# General Mandolin Topics > Jams, Workshops, Camps, Places To Meet Others >  Wintergrass 2016

## Denman John

For those of you interested, today is the last day of early bird pricing for Wintergrass 2016

http://wintergrass.com/tickets.html

Got my tickets and hotel.  Who's going?

----------


## Eddie Sheehy

I'm set up.  See you there, John.

----------


## bigskygirl

I'll be there again in 2016.  Had a great time last year.

----------


## Spruce

Yup.
(...but I'm still in hot hot Summer mode...)    :Cool:

----------


## Mandobart

I'll be there, staying at the Hyatt for the first time.  Bought my tix on the way out last year; reserved my room the next day.

----------


## rockies

I'm already booked in as well. Watch for a white haired (what's left) old fart being guided by his wife (vision failing ).
Dave

----------


## DPrager

Got tickets. Got room reservation. Got Bourbon.

----------

Pete Martin

----------


## Pete Martin

> Got tickets. Got room reservation. Got Bourbon.


Does your bourbon need a guest?

----------


## DPrager

Honey, call the distillery and order another barrel...

----------


## Austin Clark

> Honey, call the distillery and order another barrel...


I'm here David and I'll bring the barrel! (Or the jars.....) :Wink: 

I hear the Hyatt is sold out already! Should be another fun year!

----------


## bernabe

Austin, ran into a gentleman at IBMA playing one of your F's he acquired at Winfield [3rd place winner mando competition] and it was D-lightful!

----------


## Austin Clark

> Austin, ran into a gentleman at IBMA playing one of your F's he acquired at Winfield [3rd place winner mando competition] and it was D-lightful!


Cool, thanks! That would be Garrett Wren. That was a particularly good F5! #149 or something like that....

----------


## Josh Levine

If anyone ends up abandoning their room, I am interested in taking it.

----------


## Eddie Sheehy

Coming up...

----------


## Denman John

In a month's time we'll be in the thick of it  :Mandosmiley: 

We'll be leaving after work on Wed. evening (Feb 24)and should be getting there early Thursday morning.  The kids are registered in the Youth Academy again this year and that starts at 9am.  There's a mandolin workshop that starts then as well, so it will be busy from the get go!  This will be the first time we've stayed at the Hyatt, so I imagine that will throw a different spin on it.  
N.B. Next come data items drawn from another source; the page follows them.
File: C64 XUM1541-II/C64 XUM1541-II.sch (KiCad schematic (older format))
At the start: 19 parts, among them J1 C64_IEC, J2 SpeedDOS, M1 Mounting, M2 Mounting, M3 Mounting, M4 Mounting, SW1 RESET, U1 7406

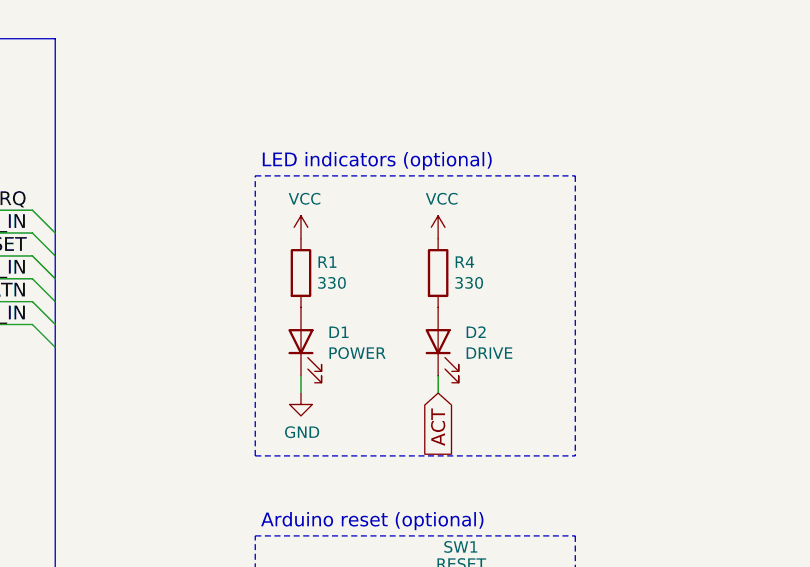
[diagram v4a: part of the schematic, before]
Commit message: Rotated parallel connector
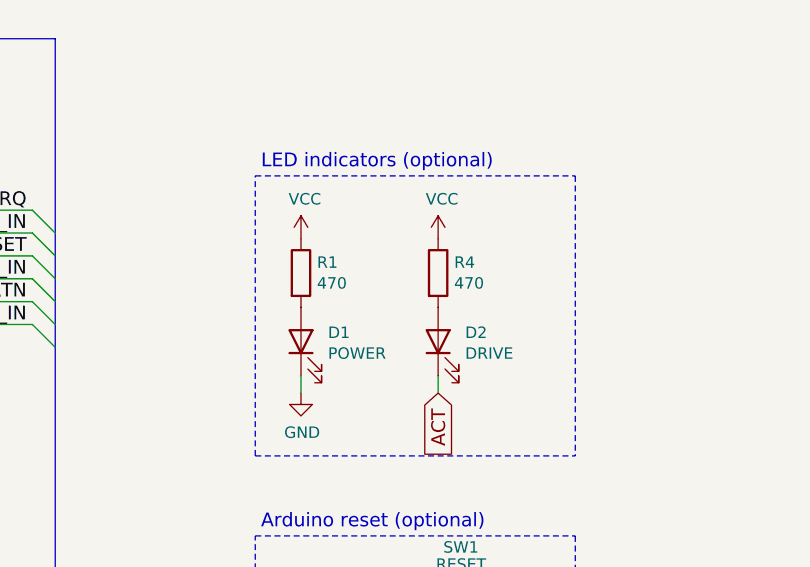
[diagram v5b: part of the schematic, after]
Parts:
- R1, R4: value 330 -> 470
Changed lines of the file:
@@
 P 9000 2025
 F 0 "R1" H 9070 2071 50  0000 L CNN
-F 1 "330" H 9070 1980 50  0000 L CNN
+F 1 "470" H 9070 1980 50  0000 L CNN
 F 2 "Resistor_THT:R_Axial_DIN0207_L6.3mm_D2.5mm_P10.16mm_Horizontal" V 8930 2025 50  0001 C CNN
 F 3 "~" H 9000 2025 50  0001 C CNN
@@
 P 9600 2025
 F 0 "R4" H 9670 2071 50  0000 L CNN
-F 1 "330" H 9670 1980 50  0000 L CNN
+F 1 "470" H 9670 1980 50  0000 L CNN
 F 2 "Resistor_THT:R_Axial_DIN0207_L6.3mm_D2.5mm_P10.16mm_Horizontal" V 9530 2025 50  0001 C CNN
 F 3 "~" H 9600 2025 50  0001 C CNN

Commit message: Updated gerber files and small tweaks
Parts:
- J1: value C64_IEC -> IEC
- J2: value SpeedDOS -> PARALLEL
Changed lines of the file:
@@
 P 2850 5075
 F 0 "J2" H 2850 5500 50  0000 C CNN
-F 1 "SpeedDOS" H 2850 5400 50  0000 C CNN
+F 1 "PARALLEL" H 2850 5400 50  0000 C CNN
 F 2 "speed_dos:SpeedDOS_IDC" H 2850 5075 50  0001 C CNN
 F 3 "~" H 2850 5075 50  0001 C CNN
@@
 P 6350 4625
 F 0 "J1" H 6075 5000 50  0000 C CNN
-F 1 "C64_IEC" H 6075 4925 50  0000 C CNN
+F 1 "IEC" H 6075 4925 50  0000 C CNN
 F 2 "C64_IEC:C64_IEC" H 6350 4625 50  0001 C CNN
 F 3 "http://www.mouser.com/ds/2/18/40_c091_abd_e-75918.pdf" H 6350 4625 50  0001 C CNN

Eddie ~ what mando goodness will you be bringing this year?

Sooooooo looking forward to this  :Grin:

----------


## Eddie Sheehy

Whatever fits in an Alaska Airlines overhead bin...

----------


## Eddie Sheehy

Getting excited... time to book the airport shuttle to the hotel...

----------


## DPrager

It's going to be a Hyatt week for me. Friday through Tuesday in Florida, followed by Thursday through Sunday in Bellevue.

Bellevue will be much more fun.

----------


## Pete Martin

> Bellevue will be much more fun.


I don't hear this said very often...

----------

Glassweb

----------


## Denman John

We printed off our tickets a couple of nights ago and wrote the kids' profiles for the Youth Academy.  My wife caught the kids jamming in the workshop and shot a short video that we sent along with their profiles.  

A week tonight and we'll be on our way.  We're all looking sooooo  forward to it!

----------

amowry, 

Eddie Sheehy

----------


## amowry

Great video! Youth Academy is fantastic!

I'll be there this year. Can't wait!

----------


## mandopete

So who is hosting the single malt jam this year?

 :Smile:

----------


## mandopete

> I'm here David and I'll bring the barrel! (Or the jars.....)


I'll bring a 20 year old....

----------


## bobrem

> So who is hosting the single malt jam this year?


I have excess scotch. Lagavulin OK?

----------


## bobrem

I heard a rumour that Mike Compton is doing a mando tasting at Wintergrass but haven't seen anything on the website. Can anyone confirm?

----------


## Spruce

> I'll bring a 20 year old....


Bring some whisky too, OK?

----------

FLATROCK HILL, 

mandopete

----------


## jd.panko

> I heard a rumour that Mike Compton is doing a mando tasting at Wintergrass but haven't seen anything on the website. Can anyone confirm?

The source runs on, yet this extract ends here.